# First, And Last Black Car!



## a8tdi (Aug 31, 2012)

After spending a small fortune and investing hours attempting to repair the paintwork on my Black Audi I have admitted defeat. The effort required to keep this car swirl free is a full time job. Just when I am happy with the results the sun comes out and its all back! Maybe i ain't spending the right amount of time on the process but i have made my mind up, the car is getting traded for a silver replacement.. Black car, never again!


----------



## cmillsjoe (Jun 20, 2012)

ive a black car and must say i love it , when the suns out the shine would blind yea


----------



## a8tdi (Aug 31, 2012)

No swirls?


----------



## Trip tdi (Sep 3, 2008)

Black is a great colour whilst it's clean, just buy a dual action machine polisher or get a detailer to machine the paint for you, then afterwards just take careful washing steps to reduce marking the paint and so forth.

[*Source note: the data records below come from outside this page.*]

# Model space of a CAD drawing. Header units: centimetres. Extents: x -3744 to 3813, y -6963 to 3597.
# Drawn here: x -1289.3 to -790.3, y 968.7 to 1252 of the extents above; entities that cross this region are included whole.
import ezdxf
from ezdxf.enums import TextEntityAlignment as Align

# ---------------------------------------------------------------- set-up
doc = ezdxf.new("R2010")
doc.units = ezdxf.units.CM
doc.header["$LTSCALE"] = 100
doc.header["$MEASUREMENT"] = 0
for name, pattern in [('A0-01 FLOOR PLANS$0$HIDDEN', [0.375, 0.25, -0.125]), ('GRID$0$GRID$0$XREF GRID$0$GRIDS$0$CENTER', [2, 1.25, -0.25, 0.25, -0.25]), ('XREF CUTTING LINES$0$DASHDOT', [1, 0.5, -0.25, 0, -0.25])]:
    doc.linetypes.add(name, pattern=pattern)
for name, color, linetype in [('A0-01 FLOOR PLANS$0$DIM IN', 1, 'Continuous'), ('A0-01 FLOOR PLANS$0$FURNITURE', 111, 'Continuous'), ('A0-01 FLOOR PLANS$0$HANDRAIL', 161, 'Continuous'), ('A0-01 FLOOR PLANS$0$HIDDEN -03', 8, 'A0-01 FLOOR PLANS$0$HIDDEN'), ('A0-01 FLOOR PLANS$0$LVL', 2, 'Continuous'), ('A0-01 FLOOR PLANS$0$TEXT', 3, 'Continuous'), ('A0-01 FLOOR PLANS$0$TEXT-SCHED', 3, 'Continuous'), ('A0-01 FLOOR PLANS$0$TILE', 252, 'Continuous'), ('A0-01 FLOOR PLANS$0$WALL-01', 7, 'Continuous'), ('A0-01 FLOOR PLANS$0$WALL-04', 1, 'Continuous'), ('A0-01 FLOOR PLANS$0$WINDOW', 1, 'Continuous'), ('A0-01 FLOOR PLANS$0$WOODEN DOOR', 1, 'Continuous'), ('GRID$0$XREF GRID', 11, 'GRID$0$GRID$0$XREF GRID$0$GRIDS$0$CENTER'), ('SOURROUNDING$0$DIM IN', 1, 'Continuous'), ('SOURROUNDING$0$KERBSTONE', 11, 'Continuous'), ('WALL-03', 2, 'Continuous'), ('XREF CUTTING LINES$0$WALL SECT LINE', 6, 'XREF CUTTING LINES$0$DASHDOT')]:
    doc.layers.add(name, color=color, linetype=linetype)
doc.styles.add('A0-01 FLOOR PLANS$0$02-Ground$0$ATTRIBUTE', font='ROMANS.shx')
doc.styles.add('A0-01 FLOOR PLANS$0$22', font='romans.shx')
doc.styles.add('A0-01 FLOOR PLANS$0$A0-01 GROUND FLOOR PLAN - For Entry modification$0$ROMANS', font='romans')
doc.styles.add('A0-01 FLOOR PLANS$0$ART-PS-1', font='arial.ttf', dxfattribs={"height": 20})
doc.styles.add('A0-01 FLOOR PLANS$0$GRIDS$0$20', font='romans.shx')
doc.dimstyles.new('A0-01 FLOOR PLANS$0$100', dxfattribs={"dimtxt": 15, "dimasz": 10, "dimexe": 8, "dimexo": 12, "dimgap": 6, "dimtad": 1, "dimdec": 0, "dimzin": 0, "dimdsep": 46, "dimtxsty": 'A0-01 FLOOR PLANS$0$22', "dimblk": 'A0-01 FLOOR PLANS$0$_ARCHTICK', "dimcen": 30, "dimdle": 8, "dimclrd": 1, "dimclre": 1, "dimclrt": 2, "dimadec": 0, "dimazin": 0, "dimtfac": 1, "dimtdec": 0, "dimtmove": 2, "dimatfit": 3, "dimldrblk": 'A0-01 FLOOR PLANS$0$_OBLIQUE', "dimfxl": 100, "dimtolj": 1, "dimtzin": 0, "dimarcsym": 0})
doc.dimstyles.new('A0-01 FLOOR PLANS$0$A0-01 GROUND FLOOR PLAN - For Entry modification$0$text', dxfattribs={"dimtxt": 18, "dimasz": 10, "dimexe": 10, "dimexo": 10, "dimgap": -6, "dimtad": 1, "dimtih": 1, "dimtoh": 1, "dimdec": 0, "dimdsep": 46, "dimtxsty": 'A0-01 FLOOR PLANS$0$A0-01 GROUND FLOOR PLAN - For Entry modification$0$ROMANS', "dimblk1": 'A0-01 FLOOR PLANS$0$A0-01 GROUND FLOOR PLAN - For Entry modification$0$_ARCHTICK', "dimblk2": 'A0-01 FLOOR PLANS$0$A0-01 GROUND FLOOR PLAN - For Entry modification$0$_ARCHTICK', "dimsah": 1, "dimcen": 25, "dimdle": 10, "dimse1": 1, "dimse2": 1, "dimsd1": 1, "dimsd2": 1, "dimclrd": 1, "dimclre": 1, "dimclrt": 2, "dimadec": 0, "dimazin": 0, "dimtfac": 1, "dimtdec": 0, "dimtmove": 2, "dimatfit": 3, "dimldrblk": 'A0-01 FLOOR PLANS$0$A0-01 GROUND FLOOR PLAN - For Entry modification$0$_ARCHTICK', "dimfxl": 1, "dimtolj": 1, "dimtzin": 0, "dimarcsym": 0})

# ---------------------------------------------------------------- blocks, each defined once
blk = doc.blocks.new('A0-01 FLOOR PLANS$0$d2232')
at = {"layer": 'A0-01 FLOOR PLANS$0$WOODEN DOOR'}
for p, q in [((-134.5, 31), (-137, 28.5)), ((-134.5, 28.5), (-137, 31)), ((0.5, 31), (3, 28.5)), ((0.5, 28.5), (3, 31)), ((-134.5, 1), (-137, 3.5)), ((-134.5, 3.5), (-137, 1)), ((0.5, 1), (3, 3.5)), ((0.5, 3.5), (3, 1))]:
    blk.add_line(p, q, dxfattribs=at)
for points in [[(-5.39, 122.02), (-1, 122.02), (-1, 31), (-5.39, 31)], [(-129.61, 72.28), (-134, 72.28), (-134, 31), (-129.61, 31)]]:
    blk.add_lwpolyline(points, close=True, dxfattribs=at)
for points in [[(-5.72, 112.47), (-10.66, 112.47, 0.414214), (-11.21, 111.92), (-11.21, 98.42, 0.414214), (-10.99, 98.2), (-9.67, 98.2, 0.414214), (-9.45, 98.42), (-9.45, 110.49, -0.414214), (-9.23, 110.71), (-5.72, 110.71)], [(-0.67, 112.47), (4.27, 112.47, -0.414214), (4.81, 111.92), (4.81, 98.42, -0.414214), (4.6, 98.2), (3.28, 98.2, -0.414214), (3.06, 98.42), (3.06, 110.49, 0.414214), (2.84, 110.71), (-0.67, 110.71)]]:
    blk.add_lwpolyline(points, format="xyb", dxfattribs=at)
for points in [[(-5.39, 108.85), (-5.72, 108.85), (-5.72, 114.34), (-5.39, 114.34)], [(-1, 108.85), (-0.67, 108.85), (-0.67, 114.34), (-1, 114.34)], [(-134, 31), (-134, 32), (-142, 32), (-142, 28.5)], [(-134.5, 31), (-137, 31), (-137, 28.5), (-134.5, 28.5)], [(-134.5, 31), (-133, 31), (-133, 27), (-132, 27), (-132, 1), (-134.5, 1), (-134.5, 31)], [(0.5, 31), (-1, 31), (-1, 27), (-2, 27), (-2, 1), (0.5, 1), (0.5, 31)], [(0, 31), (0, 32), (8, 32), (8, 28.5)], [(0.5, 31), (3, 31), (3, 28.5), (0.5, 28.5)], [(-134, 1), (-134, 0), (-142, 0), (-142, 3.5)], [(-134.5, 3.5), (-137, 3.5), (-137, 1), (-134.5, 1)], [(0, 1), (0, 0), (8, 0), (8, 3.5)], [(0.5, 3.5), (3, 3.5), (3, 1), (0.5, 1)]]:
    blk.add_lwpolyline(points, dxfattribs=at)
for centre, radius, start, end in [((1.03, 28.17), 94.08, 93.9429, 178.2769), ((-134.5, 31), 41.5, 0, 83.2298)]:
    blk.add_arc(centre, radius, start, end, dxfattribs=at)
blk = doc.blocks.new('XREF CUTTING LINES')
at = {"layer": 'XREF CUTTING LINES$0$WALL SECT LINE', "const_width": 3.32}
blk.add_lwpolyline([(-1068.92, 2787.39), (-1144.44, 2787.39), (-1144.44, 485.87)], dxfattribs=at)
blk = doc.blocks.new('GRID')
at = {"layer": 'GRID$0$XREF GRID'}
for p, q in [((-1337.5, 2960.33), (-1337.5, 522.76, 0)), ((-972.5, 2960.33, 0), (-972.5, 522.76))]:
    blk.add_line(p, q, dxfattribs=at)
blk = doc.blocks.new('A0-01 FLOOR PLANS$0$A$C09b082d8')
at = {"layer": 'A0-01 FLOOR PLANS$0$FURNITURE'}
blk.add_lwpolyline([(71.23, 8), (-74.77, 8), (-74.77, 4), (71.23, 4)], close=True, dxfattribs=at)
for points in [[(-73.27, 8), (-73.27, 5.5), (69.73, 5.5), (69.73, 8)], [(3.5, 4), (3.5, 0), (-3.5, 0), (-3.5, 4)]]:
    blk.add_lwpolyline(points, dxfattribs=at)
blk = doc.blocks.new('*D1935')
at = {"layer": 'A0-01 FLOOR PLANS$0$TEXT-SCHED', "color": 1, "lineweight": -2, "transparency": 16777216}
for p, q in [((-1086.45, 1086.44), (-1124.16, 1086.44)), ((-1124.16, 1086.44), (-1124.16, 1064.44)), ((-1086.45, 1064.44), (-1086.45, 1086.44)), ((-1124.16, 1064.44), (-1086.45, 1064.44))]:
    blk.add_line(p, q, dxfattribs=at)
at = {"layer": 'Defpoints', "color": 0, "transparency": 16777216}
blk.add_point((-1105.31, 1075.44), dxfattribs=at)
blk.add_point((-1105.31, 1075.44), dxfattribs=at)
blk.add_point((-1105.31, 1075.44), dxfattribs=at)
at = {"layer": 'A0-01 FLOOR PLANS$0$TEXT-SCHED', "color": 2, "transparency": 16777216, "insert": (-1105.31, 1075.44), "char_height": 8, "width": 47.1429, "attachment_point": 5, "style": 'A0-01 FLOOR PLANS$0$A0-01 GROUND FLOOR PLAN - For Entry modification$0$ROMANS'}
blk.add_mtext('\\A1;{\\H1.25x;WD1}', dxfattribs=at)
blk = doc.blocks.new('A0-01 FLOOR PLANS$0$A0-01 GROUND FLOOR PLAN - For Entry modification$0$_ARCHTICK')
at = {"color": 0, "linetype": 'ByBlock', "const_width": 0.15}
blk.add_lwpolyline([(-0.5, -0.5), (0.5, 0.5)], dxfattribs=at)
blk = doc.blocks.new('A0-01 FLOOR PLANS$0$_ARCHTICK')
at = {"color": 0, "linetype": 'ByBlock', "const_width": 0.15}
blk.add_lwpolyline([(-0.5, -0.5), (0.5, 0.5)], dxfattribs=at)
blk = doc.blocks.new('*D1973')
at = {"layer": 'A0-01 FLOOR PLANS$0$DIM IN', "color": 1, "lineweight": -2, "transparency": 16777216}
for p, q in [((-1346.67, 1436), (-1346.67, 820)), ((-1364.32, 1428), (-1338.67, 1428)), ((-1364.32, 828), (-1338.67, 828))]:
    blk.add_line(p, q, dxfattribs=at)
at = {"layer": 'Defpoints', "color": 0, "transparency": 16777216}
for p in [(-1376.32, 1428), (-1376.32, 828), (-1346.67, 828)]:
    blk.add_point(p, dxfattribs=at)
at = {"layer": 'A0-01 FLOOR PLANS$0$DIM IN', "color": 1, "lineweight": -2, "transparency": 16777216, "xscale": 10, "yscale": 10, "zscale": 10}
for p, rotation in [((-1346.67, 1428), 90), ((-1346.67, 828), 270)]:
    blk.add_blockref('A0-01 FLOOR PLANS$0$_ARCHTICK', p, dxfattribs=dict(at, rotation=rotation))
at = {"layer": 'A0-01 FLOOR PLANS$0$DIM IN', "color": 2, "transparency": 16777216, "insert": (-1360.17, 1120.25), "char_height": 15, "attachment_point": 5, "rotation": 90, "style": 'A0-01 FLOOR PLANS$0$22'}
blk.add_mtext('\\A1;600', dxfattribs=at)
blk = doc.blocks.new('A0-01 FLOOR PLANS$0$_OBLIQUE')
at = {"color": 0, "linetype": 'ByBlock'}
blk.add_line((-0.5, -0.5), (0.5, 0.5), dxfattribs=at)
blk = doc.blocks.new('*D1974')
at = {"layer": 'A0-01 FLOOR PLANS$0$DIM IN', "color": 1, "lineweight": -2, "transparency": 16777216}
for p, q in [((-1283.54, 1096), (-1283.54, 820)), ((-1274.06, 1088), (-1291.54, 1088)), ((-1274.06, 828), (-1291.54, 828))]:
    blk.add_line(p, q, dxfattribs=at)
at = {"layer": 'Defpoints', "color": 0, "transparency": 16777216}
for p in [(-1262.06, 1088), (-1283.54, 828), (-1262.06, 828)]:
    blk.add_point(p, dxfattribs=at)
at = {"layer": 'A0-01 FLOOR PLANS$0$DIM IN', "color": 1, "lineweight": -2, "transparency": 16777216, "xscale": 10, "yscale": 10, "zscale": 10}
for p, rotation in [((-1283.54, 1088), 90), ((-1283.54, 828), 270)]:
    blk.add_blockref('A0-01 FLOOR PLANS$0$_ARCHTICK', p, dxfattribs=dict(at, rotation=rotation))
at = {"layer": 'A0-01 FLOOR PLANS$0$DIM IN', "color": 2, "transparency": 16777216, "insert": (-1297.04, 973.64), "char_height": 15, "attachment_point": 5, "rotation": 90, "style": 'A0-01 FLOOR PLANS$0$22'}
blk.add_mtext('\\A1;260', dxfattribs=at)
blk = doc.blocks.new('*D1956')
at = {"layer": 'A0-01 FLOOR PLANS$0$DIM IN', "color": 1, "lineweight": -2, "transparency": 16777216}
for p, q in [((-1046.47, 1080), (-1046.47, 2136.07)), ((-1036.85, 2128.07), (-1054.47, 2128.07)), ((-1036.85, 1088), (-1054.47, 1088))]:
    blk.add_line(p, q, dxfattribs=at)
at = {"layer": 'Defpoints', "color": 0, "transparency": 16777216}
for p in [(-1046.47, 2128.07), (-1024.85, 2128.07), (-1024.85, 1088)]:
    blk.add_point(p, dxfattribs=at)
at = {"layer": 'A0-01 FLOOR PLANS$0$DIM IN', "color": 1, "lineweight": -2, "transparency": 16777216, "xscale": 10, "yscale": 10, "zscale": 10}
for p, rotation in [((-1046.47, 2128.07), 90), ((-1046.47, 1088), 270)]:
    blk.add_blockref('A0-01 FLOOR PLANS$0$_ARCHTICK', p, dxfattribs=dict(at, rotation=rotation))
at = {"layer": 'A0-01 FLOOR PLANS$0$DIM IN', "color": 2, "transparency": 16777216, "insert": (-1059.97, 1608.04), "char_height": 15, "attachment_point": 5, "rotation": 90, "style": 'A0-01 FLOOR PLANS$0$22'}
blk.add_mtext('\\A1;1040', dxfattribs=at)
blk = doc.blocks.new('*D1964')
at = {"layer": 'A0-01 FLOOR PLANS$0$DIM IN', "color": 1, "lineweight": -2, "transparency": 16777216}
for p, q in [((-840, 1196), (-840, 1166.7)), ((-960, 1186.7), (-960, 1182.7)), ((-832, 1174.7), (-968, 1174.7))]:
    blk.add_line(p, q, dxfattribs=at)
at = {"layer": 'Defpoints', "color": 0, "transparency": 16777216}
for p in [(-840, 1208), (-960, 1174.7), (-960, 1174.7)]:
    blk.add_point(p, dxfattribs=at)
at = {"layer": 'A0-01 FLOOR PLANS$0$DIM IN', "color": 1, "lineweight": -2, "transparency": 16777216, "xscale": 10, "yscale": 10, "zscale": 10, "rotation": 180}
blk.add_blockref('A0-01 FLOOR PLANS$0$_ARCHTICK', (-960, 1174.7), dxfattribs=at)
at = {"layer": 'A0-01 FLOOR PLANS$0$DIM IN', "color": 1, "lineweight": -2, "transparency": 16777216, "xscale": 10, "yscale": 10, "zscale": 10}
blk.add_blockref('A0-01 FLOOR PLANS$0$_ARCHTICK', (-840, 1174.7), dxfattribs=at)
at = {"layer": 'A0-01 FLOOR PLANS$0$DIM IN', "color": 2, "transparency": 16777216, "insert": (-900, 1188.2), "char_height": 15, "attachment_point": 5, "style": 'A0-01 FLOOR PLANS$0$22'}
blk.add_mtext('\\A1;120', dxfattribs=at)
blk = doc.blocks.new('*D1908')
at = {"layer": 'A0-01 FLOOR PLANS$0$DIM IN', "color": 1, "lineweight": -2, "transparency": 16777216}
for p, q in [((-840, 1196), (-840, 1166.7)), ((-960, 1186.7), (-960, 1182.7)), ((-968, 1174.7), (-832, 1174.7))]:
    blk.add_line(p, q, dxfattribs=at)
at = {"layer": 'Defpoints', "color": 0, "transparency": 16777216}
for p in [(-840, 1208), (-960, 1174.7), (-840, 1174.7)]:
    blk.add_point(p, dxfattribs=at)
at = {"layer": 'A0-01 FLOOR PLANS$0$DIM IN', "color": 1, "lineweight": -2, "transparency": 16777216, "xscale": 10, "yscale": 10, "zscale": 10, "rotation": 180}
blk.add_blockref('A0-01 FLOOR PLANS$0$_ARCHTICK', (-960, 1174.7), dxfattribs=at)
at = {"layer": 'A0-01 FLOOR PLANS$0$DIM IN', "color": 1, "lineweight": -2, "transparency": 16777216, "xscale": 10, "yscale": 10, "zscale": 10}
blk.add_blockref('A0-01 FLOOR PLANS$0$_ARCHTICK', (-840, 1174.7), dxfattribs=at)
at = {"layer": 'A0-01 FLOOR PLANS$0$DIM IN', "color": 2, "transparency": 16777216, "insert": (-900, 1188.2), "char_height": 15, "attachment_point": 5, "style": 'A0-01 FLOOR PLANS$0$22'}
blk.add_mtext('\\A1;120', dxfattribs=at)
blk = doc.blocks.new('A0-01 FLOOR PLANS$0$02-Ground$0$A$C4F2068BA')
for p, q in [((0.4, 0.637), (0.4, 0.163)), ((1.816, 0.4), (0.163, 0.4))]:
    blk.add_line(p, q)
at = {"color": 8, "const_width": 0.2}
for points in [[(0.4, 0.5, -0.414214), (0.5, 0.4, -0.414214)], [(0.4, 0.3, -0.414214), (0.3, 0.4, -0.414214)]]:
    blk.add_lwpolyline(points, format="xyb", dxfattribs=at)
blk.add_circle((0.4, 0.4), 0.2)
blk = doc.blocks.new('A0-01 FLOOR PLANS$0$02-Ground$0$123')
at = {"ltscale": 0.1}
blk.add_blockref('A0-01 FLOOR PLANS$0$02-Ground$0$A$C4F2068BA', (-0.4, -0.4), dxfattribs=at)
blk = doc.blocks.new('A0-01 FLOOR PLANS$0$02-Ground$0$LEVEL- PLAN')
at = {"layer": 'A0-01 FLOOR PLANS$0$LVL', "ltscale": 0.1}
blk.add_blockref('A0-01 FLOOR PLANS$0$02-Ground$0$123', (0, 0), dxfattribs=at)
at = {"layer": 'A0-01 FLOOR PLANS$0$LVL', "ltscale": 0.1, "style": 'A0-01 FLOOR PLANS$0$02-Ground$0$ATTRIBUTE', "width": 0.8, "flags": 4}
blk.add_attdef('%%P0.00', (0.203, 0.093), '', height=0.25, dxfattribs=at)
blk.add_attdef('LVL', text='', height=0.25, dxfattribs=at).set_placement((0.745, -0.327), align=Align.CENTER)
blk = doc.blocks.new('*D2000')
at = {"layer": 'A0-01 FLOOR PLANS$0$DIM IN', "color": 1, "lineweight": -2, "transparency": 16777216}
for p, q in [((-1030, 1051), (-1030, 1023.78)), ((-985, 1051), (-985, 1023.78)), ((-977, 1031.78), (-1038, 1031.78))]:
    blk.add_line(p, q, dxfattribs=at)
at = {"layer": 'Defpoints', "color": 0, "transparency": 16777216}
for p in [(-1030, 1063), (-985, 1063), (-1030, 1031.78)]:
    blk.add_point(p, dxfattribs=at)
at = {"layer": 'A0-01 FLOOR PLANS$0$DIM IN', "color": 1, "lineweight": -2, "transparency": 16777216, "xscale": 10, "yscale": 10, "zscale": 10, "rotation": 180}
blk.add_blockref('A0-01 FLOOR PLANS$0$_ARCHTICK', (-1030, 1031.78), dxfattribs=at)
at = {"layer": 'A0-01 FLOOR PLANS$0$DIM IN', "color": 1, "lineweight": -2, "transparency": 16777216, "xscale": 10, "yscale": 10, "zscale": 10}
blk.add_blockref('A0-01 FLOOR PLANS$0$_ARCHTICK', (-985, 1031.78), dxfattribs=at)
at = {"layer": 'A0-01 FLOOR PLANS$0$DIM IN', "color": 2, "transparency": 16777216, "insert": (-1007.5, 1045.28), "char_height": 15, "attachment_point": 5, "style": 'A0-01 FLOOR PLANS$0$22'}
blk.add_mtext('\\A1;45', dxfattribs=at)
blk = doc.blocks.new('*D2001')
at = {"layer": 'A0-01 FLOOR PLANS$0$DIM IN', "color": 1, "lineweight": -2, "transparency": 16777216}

Don't sell your Black Audi, summers coming here soon and when the sun hits the paint it will look like a liquid jewel, Black Ruby's.


----------



## cmillsjoe (Jun 20, 2012)

some but only can be seen in certain sun and by people who knows what they are looking for . Have you tried regular use of a filler type product like tripple or srp


----------



## -Raven- (Aug 26, 2010)

Sun in Scotland? 

:lol::lol::lol:


----------



## a8tdi (Aug 31, 2012)

I have bought a meguiars v220 v2 and a 3m rotary. I have the 3m range of polishes. PB black hole, Gtechniq p1 and P2 and various other cleaning products. None of which make any difference..


----------



## a8tdi (Aug 31, 2012)

-Raven- said:


> Sun in Scotland?
> 
> :lol::lol::lol:


Yeah, believe it or not... I wish we never.. ( no swirls )


----------



## tzotzo (Nov 15, 2009)

a8tdi said:


> I have bought a meguiars v220 v2 and a 3m rotary. I have the 3m range of polishes. PB black hole, Gtechniq p1 and P2 and various other cleaning products. None of which make any difference..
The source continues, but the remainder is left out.